Lo Stato ha il dovere di riconoscere il diritto (preesistente) della persona; giammai compie un atto costitutivo, da cui nasce il diritto. I corollari di questo principio sono importantissimi. Eliminare realmente i “lacci e laccioli” burocratici significa non solo semplificare necessariamente le procedure, ma anche prevedere il “risarcimento dei danni” cagionati da eventuali “lacci e laccioli” illegittimamente frapposti dal burocrate di turno. E fin quando l’amministrazione non sarà costretta a risarcire (magari in solido con il pubblico ufficiale) i danni cagionati, si curerà poco di un’eventuale sentenza del Tar, la quale tutt’al più annulla l’atto illegittimo, dà un colpo di spugna sul passato e dispensa niente più che un “consiglio” per il futuro. “Chi ha avuto ha avuto e chi ha dato ha dato, scordiamoci il passato” questo è il motto del Tar; ciò che è accaduto è “nulla”; poco importa che sia stato cagionato un grave danno economico, ciò che importa è che l’atto illegittimo sia “annullato”, sia cioè restituito al “nulla” da cui ha avuto origine.

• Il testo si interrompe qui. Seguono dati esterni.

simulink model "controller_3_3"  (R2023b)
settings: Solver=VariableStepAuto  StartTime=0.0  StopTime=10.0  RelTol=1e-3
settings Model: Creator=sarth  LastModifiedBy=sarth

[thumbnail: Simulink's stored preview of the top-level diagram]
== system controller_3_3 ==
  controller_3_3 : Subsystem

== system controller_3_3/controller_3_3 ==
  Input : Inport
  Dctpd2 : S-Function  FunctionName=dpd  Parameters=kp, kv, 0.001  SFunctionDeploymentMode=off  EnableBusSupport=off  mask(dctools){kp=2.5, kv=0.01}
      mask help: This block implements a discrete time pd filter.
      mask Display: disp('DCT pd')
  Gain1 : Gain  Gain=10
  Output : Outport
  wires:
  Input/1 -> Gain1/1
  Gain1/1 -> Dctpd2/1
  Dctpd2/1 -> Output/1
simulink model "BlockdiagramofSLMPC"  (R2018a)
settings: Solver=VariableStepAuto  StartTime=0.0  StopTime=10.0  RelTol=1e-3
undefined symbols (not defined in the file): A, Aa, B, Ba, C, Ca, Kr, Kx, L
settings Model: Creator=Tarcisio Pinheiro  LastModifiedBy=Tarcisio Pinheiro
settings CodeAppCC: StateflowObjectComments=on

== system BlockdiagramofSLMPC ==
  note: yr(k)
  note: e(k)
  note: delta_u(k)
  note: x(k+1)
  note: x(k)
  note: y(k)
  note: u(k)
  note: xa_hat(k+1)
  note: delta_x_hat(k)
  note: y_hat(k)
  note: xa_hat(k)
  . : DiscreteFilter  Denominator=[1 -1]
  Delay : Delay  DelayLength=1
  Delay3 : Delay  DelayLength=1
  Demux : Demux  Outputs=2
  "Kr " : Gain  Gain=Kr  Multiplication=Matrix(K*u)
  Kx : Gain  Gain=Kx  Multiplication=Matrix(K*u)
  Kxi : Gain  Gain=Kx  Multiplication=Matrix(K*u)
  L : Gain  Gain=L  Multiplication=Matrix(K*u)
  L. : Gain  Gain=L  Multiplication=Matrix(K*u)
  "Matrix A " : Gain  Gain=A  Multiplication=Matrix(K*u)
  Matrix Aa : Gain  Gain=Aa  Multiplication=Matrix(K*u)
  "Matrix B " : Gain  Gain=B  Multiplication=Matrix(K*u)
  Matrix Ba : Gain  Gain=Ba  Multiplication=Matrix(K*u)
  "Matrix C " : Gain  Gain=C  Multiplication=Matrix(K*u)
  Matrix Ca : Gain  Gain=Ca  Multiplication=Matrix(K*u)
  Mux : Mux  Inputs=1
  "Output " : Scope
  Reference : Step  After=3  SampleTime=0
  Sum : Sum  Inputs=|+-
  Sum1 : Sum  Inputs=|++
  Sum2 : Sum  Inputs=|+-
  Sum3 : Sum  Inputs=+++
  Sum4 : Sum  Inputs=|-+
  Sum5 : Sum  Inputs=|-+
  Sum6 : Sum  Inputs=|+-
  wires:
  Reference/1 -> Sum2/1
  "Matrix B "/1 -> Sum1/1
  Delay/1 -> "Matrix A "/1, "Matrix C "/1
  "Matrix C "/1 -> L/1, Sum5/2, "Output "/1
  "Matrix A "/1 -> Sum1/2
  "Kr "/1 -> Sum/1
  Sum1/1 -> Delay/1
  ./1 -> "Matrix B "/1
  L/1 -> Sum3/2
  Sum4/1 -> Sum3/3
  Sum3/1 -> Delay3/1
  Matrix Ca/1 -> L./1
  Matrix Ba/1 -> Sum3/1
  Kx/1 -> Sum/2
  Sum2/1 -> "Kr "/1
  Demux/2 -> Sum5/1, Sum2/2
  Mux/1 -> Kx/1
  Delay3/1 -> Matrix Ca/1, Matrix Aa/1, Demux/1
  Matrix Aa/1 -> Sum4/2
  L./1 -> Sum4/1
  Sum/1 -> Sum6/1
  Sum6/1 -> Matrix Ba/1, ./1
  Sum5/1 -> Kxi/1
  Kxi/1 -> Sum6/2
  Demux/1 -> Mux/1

Ovviamente questo stesso motto si applica alle vicende Coronavirus. Atti amministrativi che “sospendono” il vigore della Costituzione (contro il parere del presidente della Corte), lesivi dei diritti della libertà personale, di movimento, di culto religioso, di riunione e quant’altro, palesemente sproporzionati e addirittura controproducenti (se si pensa che passeggiare all’aria aperta rafforza il sistema immunitario) forse saranno sottoposti al vaglio del Tar, per iniziativa di avvocati volenterosi. Non ne sortirà alcun “ristoro” delle afflizioni subite da tutto il popolo italiano, in guisa di arresti domiciliari unici al mondo (se si esclude la Cina).

La perdita della libertà non avrà alcun risarcimento, che possa fungere da monito e freno per future violazioni del diritto. Questo accade quando la libertà non è un vero diritto, ossia quando la sua lesione non dà luogo ad alcun risarcimento. Ovviamente, i danni patrimoniali da “lacci” burocratici sono diversi dai danni morali da emergenza Coronavirus, tuttavia l’accostamento ha ragion d’essere, perché rende chiara – in ambiti diversi – l’uguale soggezione della persona individuale alla maestà dello Stato, che tutto “vieta” e tutto “concede”, senza dover rendere conto dei suoi atti. Senza l’obbligo di rendiconto, a carico dello Stato come del cittadino, non potrà mai vedere la luce una vera alternativa liberale.